Tesla driver dies in first fatal crash while using autopilot mode - summerdown2
https://www.theguardian.com/technology/2016/jun/30/tesla-autopilot-death-self-driving-car-elon-musk
======
bobsil1
Looks like the truck had a truncated view of the car because of a grade.

[http://imgur.com/a/lFRgf](http://imgur.com/a/lFRgf)

Elon says the radar ignores what it thinks are overhead signs.

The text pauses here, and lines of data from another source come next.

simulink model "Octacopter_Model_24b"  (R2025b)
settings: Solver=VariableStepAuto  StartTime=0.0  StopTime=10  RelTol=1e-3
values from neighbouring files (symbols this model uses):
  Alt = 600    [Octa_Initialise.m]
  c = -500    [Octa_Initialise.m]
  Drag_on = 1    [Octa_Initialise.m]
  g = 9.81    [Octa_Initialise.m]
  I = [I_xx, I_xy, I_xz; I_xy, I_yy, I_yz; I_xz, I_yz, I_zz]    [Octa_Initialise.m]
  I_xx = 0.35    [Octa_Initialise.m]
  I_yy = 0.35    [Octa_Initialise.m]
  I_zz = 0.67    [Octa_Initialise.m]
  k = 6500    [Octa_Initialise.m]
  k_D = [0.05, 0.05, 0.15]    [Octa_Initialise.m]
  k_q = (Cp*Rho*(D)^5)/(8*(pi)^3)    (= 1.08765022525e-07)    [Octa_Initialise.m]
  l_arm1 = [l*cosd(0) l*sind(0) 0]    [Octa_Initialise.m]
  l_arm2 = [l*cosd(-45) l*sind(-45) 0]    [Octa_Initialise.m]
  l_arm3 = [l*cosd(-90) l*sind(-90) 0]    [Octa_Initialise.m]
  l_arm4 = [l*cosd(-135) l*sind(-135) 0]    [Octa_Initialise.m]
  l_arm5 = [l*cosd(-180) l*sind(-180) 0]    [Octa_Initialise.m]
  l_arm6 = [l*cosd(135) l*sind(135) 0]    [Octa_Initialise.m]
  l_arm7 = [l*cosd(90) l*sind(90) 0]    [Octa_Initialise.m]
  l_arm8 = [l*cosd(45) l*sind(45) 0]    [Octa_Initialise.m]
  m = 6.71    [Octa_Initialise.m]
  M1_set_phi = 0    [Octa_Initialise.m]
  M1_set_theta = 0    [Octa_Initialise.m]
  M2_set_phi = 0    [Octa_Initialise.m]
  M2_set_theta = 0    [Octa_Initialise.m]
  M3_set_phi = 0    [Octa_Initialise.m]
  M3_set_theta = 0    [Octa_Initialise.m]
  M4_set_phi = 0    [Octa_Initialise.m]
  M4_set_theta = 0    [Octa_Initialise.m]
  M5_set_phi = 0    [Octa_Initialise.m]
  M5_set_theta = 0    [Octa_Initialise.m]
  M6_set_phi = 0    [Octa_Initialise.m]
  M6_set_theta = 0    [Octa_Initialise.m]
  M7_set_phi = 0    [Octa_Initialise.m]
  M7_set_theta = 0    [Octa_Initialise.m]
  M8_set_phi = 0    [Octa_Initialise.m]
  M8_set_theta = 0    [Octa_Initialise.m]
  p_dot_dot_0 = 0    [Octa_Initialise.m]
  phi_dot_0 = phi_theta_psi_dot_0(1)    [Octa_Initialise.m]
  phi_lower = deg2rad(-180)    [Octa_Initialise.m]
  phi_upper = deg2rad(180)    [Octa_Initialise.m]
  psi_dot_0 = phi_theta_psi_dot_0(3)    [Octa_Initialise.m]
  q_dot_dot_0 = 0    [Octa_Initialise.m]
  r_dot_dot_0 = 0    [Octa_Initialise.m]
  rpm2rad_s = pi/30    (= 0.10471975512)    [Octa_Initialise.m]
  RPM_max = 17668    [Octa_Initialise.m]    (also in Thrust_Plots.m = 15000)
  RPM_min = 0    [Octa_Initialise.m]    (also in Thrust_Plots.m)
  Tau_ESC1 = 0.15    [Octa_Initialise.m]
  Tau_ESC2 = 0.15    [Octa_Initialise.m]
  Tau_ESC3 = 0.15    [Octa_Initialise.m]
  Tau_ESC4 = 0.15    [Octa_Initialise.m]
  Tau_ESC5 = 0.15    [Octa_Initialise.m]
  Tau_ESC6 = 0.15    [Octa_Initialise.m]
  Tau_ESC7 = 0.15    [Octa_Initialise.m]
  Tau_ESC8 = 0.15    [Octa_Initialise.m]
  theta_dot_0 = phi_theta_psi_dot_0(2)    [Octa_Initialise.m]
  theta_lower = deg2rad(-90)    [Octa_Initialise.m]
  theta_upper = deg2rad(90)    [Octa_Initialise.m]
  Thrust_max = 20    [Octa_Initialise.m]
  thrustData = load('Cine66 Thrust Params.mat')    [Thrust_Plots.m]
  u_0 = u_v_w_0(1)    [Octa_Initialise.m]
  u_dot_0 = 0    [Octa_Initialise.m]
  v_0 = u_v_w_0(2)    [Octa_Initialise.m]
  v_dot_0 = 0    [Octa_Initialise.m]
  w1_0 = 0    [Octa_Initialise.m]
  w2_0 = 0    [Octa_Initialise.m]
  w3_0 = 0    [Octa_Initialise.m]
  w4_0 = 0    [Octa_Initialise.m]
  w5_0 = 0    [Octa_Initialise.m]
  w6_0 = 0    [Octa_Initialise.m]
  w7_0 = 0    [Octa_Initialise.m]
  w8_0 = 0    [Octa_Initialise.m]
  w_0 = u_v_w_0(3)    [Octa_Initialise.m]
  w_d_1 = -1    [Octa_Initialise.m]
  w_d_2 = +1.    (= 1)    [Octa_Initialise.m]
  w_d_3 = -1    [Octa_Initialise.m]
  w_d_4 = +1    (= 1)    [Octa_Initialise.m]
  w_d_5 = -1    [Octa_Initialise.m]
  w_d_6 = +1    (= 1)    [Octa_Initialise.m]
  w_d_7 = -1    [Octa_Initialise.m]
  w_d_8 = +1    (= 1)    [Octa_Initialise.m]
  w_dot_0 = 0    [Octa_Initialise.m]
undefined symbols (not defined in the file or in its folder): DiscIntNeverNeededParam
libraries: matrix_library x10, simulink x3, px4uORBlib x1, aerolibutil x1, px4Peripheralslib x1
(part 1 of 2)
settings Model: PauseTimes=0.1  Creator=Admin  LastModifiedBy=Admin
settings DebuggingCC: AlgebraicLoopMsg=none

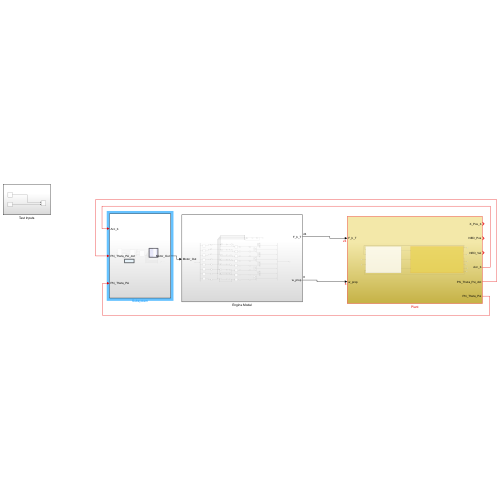
[thumbnail: Simulink's stored preview of the top-level diagram]
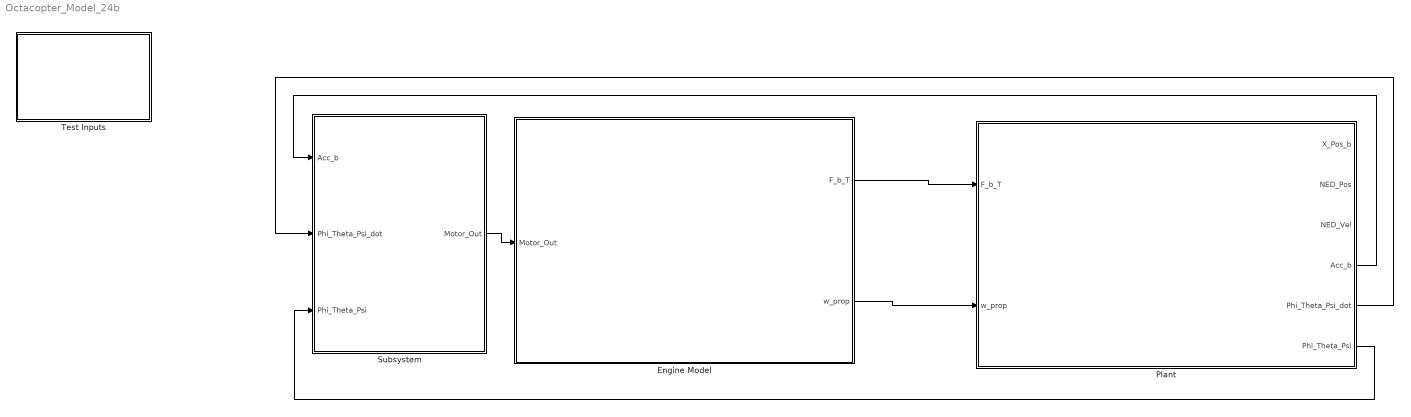
== system Octacopter_Model_24b ==
  Engine Model : Subsystem
  Plant : Subsystem
  Subsystem : Subsystem
  Test Inputs : Subsystem
  wires:
  Engine Model/1(F_b_T) -> Plant/1(F_b_T)
  Engine Model/2(w_prop) -> Plant/2(w_prop)
  Subsystem/1(Motor_Out) -> Engine Model/1(Motor_Out)
  Plant/4(Acc_b) -> Subsystem/1(Acc_b)
  Plant/5(Phi_Theta_Psi_dot) -> Subsystem/2(Phi_Theta_Psi_dot)
  Plant/6(Phi_Theta_Psi) -> Subsystem/3(Phi_Theta_Psi)

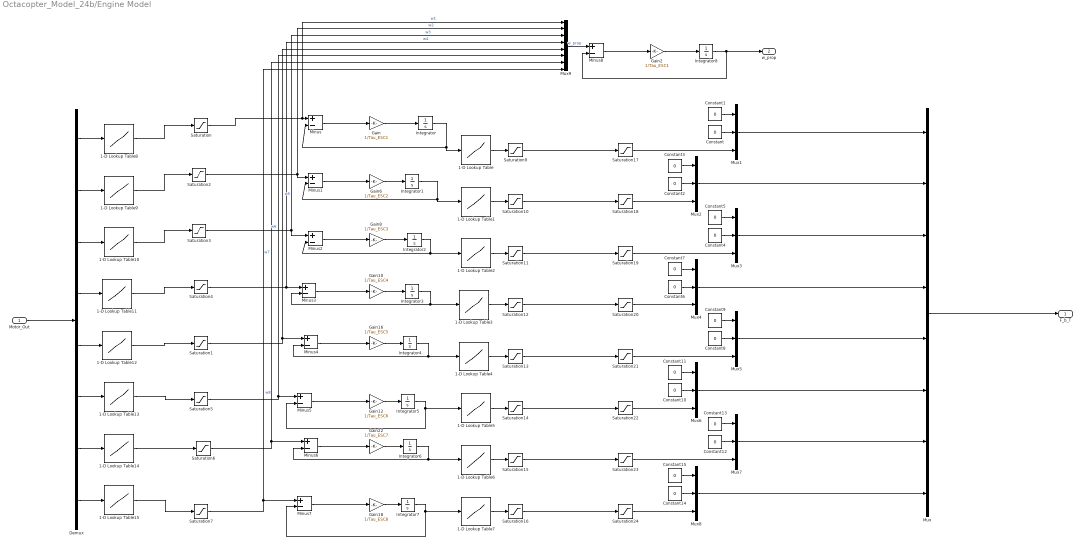
== system Octacopter_Model_24b/Engine Model ==
  Motor_Out : Inport
  1-D Lookup Table{,1..7} (8 alike) : Lookup_n-D  NumberOfTableDimensions=1  BreakpointsForDimension1=thrustData.RPM  Table=thrustData.Thrust_N_  InternalRulePriority=Speed  RndMeth=Simplest
  1-D Lookup Table{8..15} (8 alike) : Lookup_n-D  NumberOfTableDimensions=1  BreakpointsForDimension1=thrustData.Throttle  Table=thrustData.RPM  InternalRulePriority=Speed  RndMeth=Simplest
  Constant{,1..15} (16 alike) : Constant  Value=0
  Demux : Demux  Outputs=8
  Gain : Gain  Gain=1/Tau_ESC1
  Gain10 : Gain  Gain=1/Tau_ESC4
  Gain12 : Gain  Gain=1/Tau_ESC6
  Gain16 : Gain  Gain=1/Tau_ESC5
  Gain18 : Gain  Gain=1/Tau_ESC8
  Gain2 : Gain  Gain=1/Tau_ESC1
  Gain22 : Gain  Gain=1/Tau_ESC7
  Gain6 : Gain  Gain=1/Tau_ESC2
  Gain8 : Gain  Gain=1/Tau_ESC3
  Integrator : Integrator  InitialCondition=w1_0
  Integrator1 : Integrator  InitialCondition=w2_0
  Integrator2 : Integrator  InitialCondition=w3_0
  Integrator3 : Integrator  InitialCondition=w4_0
  Integrator4 : Integrator  InitialCondition=w5_0
  Integrator5 : Integrator  InitialCondition=w6_0
  Integrator6 : Integrator  InitialCondition=w7_0
  Integrator7 : Integrator  InitialCondition=w8_0
  Integrator8 : Integrator  InitialCondition=w1_0
  Minus{,1..8} (9 alike) : Sum  Inputs=+-
  Mux : Mux  Inputs=8
  Mux{1..8} (8 alike) : Mux  Inputs=3
  Mux9 : Mux  Inputs=8
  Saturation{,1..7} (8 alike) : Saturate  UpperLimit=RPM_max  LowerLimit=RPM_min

[https://twitter.com/elonmusk/status/748625979271045121](https://twitter.com/elonmusk/status/748625979271045121)

More discussion:

[https://m.reddit.com/r/teslamotors/comments/4qnu4a/a_tragic_...](https://m.reddit.com/r/teslamotors/comments/4qnu4a/a_tragic_loss/)

------
isubkhankulov
"The top of Joshua Brown’s 2015 Tesla Model S vehicle was torn off by the
force of the collision. The truck driver, Frank Baressi, 62, Tampa was not
injured in the crash. The FHP said the tractor-trailer was traveling west on
US 27A in the left turn lane toward 140th Court. Brown’s car was headed east
in the outside lane of U.S. 27A. When the truck made a left turn onto NE 140th
Court in front of the car, the car’s roof struck the underside of the trailer
as it passed under the trailer. The car continued to travel east on U.S. 27A
until it left the roadway on the south shoulder and struck a fence. The car
smashed through two fences and struck a power pole. The car rotated counter-
clockwise while sliding to its final resting place about 100 feet south of the
highway. Brown died at the scene. Charges are pending."

source: [https://www.levyjournalonline.com/police-
beat.html](https://www.levyjournalonline.com/police-beat.html)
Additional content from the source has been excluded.